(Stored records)
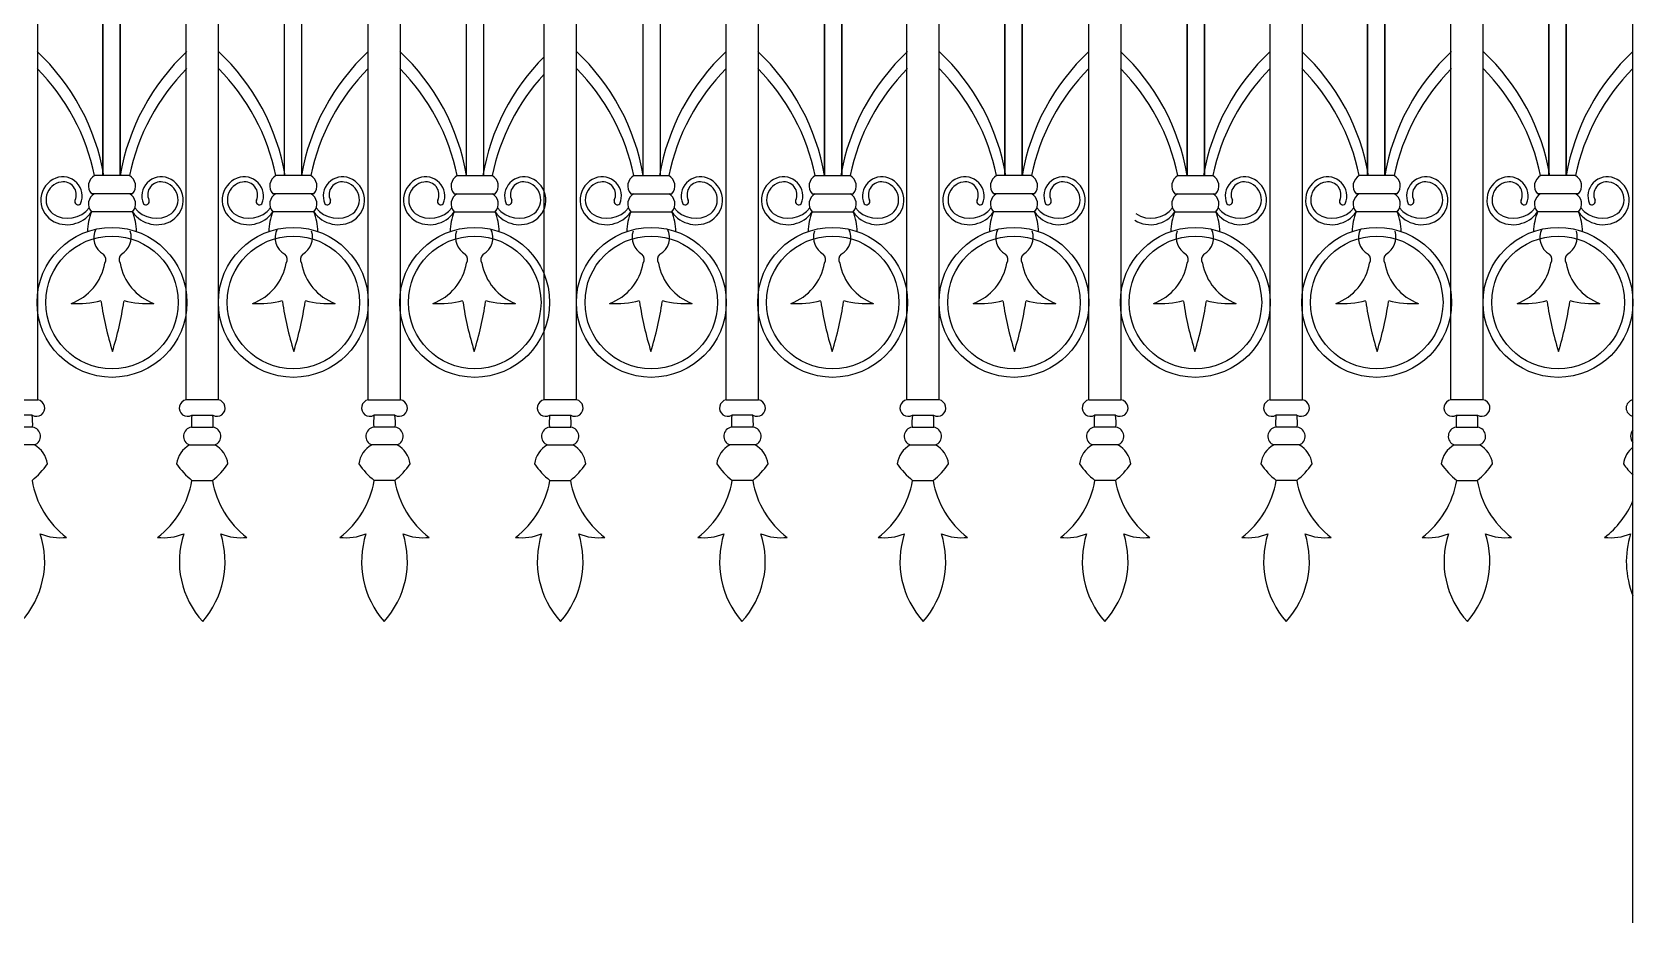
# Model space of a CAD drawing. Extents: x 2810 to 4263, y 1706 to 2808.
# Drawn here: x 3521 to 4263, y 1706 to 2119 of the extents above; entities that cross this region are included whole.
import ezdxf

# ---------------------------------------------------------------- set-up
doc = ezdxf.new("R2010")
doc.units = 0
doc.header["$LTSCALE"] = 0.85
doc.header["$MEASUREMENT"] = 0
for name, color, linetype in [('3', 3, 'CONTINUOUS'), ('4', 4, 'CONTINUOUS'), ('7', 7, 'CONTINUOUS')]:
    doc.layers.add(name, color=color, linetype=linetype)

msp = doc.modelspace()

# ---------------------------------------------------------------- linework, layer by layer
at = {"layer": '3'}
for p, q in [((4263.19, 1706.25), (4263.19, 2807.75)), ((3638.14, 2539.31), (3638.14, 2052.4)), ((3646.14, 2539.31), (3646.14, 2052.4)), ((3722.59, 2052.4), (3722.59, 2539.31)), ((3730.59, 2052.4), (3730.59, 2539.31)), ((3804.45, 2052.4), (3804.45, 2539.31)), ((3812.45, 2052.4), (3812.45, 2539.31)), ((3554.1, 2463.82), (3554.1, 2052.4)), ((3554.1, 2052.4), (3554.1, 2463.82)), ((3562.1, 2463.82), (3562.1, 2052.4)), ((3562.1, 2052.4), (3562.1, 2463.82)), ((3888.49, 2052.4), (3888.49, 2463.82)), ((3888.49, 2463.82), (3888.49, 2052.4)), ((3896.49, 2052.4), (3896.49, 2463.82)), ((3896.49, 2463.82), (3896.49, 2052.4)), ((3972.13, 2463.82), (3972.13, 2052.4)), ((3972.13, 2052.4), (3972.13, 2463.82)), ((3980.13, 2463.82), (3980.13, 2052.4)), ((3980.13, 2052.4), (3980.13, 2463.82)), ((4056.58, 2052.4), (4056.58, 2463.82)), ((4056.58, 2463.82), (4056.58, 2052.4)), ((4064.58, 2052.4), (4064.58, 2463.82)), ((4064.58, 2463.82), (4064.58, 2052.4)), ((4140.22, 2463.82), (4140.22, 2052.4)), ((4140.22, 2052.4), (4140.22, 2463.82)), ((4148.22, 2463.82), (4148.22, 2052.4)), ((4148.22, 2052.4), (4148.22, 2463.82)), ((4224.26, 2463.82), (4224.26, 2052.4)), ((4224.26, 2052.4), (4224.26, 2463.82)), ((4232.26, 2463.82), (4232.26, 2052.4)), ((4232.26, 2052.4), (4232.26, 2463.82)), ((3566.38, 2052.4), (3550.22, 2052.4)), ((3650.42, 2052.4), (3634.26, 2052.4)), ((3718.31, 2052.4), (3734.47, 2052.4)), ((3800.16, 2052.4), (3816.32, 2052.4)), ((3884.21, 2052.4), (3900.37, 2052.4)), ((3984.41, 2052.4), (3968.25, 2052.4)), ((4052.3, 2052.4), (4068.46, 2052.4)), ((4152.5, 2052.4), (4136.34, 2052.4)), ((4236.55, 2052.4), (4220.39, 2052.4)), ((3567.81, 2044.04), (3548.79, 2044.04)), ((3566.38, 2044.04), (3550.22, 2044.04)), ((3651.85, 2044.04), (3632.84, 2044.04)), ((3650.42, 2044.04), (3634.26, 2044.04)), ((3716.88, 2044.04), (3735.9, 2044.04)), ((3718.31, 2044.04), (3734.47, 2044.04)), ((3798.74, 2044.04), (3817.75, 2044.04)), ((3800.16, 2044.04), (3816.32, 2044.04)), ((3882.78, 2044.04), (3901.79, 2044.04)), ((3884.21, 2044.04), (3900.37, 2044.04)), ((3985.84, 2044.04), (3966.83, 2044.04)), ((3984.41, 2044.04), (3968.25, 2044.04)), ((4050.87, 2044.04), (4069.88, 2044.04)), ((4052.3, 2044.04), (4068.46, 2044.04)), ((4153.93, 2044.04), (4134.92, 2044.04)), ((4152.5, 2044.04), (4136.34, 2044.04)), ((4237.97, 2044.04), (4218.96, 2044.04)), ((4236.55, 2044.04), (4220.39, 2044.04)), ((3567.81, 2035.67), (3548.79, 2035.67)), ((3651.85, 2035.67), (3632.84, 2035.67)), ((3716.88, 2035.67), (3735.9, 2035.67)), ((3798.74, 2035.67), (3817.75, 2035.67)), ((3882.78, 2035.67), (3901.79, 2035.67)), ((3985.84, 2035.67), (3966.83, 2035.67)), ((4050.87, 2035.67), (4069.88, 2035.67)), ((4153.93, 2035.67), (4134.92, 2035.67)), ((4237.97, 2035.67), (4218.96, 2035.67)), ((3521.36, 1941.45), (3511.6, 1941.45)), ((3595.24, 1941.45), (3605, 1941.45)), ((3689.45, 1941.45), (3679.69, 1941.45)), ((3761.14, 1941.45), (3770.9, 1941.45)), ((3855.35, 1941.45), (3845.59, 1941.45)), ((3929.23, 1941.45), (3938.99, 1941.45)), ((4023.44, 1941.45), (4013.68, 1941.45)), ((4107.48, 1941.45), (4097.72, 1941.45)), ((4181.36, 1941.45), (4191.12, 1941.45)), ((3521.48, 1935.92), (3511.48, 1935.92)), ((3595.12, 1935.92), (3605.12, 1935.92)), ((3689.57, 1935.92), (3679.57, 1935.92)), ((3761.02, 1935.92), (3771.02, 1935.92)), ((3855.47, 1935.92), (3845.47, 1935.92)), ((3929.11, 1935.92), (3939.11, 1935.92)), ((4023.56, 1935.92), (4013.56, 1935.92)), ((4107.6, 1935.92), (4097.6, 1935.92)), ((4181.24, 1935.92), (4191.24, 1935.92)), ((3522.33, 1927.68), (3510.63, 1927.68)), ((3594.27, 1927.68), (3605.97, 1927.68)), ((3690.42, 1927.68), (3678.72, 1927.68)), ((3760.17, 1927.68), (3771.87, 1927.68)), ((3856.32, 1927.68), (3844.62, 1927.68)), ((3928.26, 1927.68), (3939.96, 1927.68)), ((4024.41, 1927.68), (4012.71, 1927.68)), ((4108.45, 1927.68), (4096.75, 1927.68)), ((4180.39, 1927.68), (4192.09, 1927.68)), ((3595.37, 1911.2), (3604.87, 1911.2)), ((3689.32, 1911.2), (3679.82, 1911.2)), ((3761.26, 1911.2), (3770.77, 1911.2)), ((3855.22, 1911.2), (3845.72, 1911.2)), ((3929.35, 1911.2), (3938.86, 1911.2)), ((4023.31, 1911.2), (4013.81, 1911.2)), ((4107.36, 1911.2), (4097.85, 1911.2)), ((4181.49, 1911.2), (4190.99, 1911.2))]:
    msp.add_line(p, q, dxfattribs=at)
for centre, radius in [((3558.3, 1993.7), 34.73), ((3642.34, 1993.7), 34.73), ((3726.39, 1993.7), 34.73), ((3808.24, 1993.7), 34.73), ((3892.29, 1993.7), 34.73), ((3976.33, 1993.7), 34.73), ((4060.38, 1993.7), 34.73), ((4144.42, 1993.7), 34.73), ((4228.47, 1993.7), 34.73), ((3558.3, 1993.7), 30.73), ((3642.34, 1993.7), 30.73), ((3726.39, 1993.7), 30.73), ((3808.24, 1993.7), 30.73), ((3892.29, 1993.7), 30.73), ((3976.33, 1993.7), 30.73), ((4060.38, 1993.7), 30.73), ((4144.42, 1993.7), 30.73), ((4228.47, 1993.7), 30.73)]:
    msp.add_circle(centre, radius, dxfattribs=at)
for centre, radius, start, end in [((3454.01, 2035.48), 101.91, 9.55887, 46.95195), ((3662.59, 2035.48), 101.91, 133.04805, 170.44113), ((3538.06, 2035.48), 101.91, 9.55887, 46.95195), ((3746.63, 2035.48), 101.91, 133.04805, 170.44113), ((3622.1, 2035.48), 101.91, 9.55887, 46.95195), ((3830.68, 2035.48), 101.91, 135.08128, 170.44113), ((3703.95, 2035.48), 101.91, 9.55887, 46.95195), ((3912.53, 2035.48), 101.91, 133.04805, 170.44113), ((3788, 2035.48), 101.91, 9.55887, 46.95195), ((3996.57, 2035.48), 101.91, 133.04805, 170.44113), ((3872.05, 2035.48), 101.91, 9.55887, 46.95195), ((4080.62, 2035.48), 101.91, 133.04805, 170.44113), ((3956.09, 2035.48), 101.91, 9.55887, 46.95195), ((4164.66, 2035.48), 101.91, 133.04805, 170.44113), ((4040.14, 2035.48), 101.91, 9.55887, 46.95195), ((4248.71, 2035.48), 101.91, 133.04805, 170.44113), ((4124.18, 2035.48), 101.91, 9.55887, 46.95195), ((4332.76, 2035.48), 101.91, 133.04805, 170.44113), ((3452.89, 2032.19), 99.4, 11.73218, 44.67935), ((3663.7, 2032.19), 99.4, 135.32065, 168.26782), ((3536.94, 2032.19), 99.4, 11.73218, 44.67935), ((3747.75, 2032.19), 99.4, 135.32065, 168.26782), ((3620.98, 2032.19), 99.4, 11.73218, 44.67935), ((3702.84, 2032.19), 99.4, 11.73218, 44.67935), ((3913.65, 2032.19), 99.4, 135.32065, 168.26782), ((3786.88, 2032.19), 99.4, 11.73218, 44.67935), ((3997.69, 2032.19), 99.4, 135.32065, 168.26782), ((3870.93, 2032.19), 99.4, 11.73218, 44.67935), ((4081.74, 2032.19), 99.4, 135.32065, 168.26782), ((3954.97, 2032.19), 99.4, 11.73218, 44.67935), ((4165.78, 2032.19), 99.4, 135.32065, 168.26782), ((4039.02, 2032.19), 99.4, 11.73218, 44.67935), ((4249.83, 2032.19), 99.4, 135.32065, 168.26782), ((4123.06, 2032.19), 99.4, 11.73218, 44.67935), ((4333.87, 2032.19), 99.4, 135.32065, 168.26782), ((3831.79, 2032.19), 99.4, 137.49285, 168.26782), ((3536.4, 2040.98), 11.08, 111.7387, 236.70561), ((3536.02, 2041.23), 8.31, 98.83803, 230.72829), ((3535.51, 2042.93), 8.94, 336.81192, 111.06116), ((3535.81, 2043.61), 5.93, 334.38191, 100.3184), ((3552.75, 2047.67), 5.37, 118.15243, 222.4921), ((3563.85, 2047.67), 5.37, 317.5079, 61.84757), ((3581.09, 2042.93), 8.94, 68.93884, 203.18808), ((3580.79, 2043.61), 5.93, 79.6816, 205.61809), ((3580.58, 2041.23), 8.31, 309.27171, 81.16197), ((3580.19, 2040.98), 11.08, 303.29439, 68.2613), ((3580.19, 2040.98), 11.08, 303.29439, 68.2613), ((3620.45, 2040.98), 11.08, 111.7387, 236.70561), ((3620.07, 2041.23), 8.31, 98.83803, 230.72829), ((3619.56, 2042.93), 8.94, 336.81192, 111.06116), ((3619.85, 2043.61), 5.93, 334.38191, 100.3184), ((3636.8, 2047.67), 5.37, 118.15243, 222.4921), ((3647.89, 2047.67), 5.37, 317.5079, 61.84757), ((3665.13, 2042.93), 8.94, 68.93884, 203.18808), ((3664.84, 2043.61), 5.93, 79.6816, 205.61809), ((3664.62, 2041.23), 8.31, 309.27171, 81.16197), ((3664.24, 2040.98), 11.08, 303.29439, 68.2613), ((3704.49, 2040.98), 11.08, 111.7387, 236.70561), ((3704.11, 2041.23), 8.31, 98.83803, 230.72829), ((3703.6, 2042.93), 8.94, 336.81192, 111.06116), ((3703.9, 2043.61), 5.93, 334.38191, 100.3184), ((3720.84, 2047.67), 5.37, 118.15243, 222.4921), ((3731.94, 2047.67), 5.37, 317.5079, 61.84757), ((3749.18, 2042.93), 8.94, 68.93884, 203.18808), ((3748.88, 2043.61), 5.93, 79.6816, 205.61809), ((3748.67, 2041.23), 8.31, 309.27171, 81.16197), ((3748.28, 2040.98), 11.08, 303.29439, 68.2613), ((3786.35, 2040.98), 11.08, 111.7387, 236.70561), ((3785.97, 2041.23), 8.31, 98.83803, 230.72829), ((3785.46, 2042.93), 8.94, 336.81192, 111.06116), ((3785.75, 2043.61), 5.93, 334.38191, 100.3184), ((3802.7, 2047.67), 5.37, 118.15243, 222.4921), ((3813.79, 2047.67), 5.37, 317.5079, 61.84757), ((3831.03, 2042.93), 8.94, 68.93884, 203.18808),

Your task: Please determine how many lines of the records above include the word "color", replying with a number alone.

Answer to the exercise: 2